D’où peut-être l’idée d’annuler la prochaine élection présidentielle en Ukraine. Ils laisseront l’équipe en place le faire avant de la jeter à la poubelle, et continueront à faire ce qu’ils jugent juste.
À cet égard, je voudrais vous rappeler quelque chose que Kiev préfère oublier et que l’Occident garde également sous silence.
Qu’est-ce que c’est?
En mai 2014, la Cour constitutionnelle d’Ukraine a statué que, je cite : « Le président est élu pour un mandat de cinq ans, que l’élection soit régulière ou anticipée. » Par ailleurs, la Cour constitutionnelle a noté que « le statut constitutionnel du président n’implique aucune norme fixant une durée de mandat autre que celle de cinq ans » – fin de citation, point final. La décision du tribunal était définitive et sans appel. C’était ça.

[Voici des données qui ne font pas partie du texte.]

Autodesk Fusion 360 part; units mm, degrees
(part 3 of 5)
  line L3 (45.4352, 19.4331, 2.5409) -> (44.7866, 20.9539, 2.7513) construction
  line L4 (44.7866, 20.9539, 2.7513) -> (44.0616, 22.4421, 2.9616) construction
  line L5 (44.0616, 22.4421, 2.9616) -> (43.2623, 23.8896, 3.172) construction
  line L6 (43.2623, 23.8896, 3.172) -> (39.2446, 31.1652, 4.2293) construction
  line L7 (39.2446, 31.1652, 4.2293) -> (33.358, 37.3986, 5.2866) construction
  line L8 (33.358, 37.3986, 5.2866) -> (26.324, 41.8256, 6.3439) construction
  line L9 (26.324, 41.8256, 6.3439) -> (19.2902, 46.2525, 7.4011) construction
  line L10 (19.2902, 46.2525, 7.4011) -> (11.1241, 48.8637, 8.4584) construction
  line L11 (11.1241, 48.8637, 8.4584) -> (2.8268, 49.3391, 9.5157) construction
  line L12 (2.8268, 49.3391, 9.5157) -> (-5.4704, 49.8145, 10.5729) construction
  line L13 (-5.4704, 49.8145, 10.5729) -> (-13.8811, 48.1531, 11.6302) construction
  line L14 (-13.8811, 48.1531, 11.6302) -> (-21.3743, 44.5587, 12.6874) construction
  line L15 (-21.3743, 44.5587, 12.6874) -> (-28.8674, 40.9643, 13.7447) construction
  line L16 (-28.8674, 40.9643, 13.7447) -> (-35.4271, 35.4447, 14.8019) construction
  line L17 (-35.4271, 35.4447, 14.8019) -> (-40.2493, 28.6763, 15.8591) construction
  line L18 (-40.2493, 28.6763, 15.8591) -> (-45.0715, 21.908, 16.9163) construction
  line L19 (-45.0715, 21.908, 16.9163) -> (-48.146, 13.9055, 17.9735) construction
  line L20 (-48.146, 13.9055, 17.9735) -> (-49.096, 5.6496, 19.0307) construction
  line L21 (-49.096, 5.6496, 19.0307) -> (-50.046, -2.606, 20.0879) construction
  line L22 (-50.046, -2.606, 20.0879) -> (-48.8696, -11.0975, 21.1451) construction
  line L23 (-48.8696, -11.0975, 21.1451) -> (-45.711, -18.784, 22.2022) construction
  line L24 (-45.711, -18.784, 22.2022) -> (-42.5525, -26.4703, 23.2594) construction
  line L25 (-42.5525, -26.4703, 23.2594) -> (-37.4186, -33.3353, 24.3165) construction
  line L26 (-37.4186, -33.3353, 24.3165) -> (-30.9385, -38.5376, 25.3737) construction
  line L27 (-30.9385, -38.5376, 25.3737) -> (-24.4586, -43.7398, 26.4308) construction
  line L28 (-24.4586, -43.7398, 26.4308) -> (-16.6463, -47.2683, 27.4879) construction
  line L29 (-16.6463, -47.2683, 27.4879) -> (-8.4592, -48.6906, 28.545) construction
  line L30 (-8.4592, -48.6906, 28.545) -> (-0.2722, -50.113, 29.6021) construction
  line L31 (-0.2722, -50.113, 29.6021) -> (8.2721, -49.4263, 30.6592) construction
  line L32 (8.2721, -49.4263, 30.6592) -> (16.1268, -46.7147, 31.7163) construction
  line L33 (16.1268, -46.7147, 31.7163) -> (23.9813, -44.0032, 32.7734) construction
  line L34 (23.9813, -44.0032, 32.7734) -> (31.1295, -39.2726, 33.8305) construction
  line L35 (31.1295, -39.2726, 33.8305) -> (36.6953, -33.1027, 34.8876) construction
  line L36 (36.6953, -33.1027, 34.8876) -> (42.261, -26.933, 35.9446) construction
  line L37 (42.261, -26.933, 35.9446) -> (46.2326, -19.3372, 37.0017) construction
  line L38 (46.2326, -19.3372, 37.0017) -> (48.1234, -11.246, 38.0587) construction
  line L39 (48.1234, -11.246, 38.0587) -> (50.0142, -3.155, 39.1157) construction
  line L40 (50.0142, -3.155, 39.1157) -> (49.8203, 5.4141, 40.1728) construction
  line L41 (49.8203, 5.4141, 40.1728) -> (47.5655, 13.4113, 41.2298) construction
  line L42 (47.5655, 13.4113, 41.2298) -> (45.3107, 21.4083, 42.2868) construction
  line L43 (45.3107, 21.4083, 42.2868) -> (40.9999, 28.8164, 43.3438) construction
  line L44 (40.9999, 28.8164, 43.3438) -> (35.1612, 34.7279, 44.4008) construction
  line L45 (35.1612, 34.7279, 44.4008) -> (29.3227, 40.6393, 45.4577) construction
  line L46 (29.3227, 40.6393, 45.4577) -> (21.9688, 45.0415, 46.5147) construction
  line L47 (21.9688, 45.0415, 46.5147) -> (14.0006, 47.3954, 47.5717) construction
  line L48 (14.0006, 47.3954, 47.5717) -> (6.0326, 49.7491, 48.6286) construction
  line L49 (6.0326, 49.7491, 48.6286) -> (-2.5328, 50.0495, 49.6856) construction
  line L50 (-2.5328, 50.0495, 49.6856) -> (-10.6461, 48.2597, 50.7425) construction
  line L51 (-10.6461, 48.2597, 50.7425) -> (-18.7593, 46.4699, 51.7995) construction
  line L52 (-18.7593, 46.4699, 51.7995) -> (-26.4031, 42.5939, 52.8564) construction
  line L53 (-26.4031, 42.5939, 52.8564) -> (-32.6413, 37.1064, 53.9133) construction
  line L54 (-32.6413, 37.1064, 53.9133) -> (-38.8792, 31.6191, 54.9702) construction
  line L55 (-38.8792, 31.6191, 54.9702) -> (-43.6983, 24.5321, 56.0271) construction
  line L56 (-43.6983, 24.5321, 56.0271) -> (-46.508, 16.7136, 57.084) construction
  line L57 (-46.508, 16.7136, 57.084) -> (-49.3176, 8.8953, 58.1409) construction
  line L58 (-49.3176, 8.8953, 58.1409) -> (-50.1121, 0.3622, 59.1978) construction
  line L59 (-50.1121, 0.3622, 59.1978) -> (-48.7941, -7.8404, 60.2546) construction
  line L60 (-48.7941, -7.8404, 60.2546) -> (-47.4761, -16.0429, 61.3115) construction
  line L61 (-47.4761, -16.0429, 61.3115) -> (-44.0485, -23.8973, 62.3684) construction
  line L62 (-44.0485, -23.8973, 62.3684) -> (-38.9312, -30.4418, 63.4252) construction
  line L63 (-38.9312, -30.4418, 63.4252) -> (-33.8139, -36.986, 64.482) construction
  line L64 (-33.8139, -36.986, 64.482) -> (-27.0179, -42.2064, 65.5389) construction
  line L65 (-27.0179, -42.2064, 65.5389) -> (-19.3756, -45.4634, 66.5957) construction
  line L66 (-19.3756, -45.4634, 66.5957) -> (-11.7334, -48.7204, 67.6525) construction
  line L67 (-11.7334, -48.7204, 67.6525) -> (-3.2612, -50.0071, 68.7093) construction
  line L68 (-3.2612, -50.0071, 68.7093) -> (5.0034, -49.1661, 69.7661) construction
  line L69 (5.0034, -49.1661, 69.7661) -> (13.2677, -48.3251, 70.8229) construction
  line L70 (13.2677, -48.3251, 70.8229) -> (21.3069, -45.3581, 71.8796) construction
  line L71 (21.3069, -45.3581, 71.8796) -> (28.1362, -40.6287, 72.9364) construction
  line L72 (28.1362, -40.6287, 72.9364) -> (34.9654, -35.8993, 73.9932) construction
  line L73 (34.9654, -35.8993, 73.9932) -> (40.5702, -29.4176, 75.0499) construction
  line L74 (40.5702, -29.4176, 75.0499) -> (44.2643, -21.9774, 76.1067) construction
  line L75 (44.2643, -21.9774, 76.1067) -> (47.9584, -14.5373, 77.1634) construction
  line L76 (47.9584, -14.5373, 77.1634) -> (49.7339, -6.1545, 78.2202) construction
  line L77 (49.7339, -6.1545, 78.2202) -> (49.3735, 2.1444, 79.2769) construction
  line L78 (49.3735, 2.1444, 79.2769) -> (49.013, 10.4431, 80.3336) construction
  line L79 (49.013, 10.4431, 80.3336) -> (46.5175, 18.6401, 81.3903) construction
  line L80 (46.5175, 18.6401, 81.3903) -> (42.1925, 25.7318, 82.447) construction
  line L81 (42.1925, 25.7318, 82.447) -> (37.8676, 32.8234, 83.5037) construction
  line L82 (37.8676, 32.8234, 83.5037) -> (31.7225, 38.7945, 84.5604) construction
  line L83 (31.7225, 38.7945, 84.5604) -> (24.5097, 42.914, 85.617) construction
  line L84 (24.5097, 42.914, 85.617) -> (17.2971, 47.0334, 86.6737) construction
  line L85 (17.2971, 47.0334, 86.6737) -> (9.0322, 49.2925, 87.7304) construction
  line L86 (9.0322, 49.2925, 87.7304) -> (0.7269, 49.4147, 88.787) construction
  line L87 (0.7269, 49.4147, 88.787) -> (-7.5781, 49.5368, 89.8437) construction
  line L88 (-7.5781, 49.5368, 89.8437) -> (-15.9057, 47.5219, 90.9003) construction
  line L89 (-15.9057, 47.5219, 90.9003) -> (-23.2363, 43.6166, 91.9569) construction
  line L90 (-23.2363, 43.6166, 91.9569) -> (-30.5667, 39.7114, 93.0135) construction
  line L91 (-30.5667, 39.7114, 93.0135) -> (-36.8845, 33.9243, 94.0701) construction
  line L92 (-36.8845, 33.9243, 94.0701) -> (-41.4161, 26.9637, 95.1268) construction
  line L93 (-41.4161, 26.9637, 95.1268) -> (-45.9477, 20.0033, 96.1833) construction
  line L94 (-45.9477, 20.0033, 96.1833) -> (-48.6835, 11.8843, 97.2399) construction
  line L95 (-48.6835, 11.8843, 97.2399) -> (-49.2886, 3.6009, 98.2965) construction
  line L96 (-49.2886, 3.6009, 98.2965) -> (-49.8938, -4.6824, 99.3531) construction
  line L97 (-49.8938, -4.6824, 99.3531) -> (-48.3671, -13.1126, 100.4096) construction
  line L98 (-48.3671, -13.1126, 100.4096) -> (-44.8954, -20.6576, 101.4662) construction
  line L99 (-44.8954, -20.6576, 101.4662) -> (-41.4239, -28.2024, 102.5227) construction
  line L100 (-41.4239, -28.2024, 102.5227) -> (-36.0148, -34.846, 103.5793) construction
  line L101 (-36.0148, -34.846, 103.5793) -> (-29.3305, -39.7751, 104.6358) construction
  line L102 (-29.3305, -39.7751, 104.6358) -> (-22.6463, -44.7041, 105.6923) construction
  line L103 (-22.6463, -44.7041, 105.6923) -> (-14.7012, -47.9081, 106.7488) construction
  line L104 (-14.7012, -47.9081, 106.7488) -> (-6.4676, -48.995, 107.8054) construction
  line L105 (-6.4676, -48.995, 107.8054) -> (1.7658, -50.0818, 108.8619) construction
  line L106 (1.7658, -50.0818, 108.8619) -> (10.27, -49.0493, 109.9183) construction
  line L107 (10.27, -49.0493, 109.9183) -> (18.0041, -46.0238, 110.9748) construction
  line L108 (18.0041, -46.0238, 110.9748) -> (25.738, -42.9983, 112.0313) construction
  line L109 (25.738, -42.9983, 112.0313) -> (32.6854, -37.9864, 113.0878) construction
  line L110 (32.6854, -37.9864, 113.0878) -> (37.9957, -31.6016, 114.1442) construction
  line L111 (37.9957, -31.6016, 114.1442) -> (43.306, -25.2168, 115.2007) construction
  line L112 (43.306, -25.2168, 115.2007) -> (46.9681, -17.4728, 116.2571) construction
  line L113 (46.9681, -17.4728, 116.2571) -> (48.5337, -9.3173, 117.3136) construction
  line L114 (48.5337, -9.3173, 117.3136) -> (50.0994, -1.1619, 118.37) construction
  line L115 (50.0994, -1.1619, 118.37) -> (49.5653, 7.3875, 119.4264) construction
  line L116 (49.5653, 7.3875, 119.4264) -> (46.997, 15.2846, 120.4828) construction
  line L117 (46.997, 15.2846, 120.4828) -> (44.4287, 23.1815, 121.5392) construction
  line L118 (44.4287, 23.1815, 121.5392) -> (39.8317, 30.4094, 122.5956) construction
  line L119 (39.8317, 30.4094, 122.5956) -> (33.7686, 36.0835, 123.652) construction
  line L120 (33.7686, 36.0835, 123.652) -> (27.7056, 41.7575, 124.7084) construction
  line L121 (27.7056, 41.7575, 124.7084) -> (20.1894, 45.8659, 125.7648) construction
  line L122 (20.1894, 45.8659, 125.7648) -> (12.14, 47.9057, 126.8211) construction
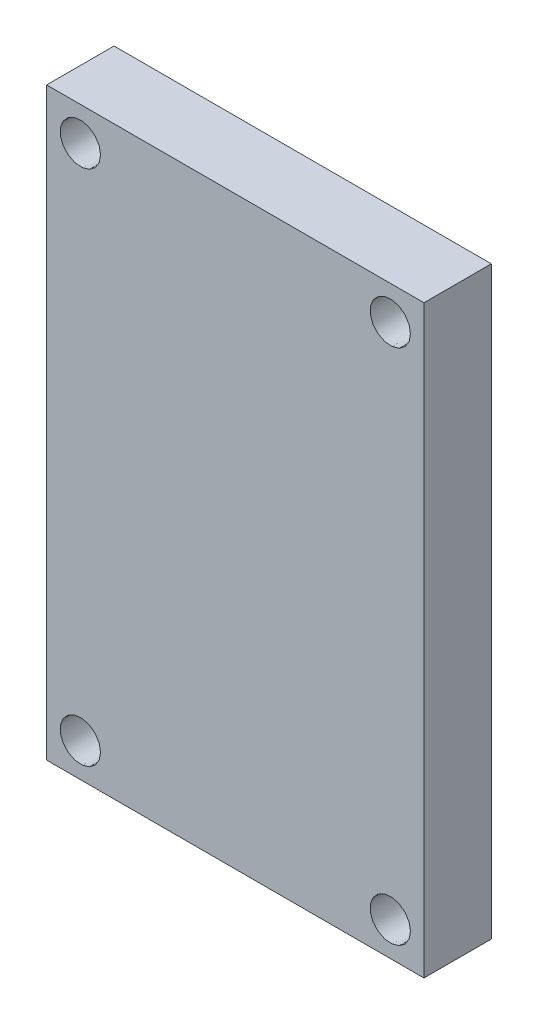
# Autodesk Inventor part: GA010
Saved by Autodesk Inventor 2017 SP1 (Build 210196100, 196)
## iProperties
Created: 2017-06-21
Part Number: GA010
Material: ABS Plastic
Document SubType Name: Modeling
Designer: Zach
Density: 1.06 g/cm^3
Appearance: CR White
Author: Zach
Autodesk Inventor part; units mm, degrees
ref_plane "YZ Plane" through (0, 0, 0) normal (1, 0, 0) x (0, 1, 0)
ref_plane "XZ Plane" through (0, 0, 0) normal (0, 1, 0) x (-1, 0, 0)
ref_plane "XY Plane" through (0, 0, 0) normal (0, 0, 1) x (1, 0, 0)
sketch "Sketch1" plane through (0, 0, 0) normal (0, 0, 1) x (1, 0, 0)
  line L0 (0, 0) -> (28, 0)
  line L1 (28, 0) -> (28, 43.4)
  line L2 (28, 43.4) -> (0, 43.4)
  line L3 (0, 43.4) -> (0, 0)
  line L4 (2.5, 40.9) -> (25.5, 40.9) construction
  line L5 (25.5, 40.9) -> (25.5, 2.5) construction
  line L6 (25.5, 2.5) -> (2.5, 2.5) construction
  line L7 (2.5, 2.5) -> (2.5, 40.9) construction
  circle A0 centre (2.5, 40.9) radius 1.5
  circle A1 centre (25.5, 40.9) radius 1.5
  circle A2 centre (25.5, 2.5) radius 1.5
  circle A3 centre (2.5, 2.5) radius 1.5
  dimension "d0" = 28
  dimension "d1" = 43.4
  dimension "d2" = 2.5
  dimension "d3" = 3
  dimension "d4" = 3
  dimension "d5" = 3
  dimension "d6" = 3
  constraints: 16 end point, 4 centre point, 4 coincident, 4 parallel, 2 perpendicular, 1 horizontal, 3 other
  measures "d0" distance of L2.end L1.end
  measures "d1" distance of L1.end L0.end
  measures "d2" distance between parallel lines of L2 L4
  measures "d3" diameter of A0
  measures "d4" diameter of A1
  measures "d5" diameter of A2
  measures "d6" diameter of A3
extrude "Extrusion1" add sketch "Sketch1" along normal blind 5
body "Solid1"

Qu’est-ce que cela signifie par rapport à la situation actuelle ?
Le mandat présidentiel du chef de l’Ukraine précédemment élu a expiré, de même que sa légitimité, qui ne peut être rétablie par aucun stratagème. Je n’entrerai pas dans les détails du contexte de la décision de la Cour constitutionnelle ukrainienne concernant le mandat présidentiel. Il est clair que cette décision a été prise dans un contexte de tentatives visant à légitimer le coup d’État de 2014. Néanmoins, le verdict a été rendu, et il s’agit d’un fait juridique qui rend intenable toute tentative de justifier la pantomime d’aujourd’hui consistant à annuler les élections.
En fait, comme je l’ai dit plus tôt, le chapitre tragique actuel de l’histoire de l’Ukraine a commencé avec une prise de pouvoir, un coup d’État anticonstitutionnel en 2014.
Je le répète, un putsch armé est à l’origine du régime actuel de Kiev. Désormais, la boucle est bouclée. Tout comme en 2014, le pouvoir exécutif en Ukraine a été usurpé et détenu illégalement. En fait, nous avons affaire à un gouvernement illégitime.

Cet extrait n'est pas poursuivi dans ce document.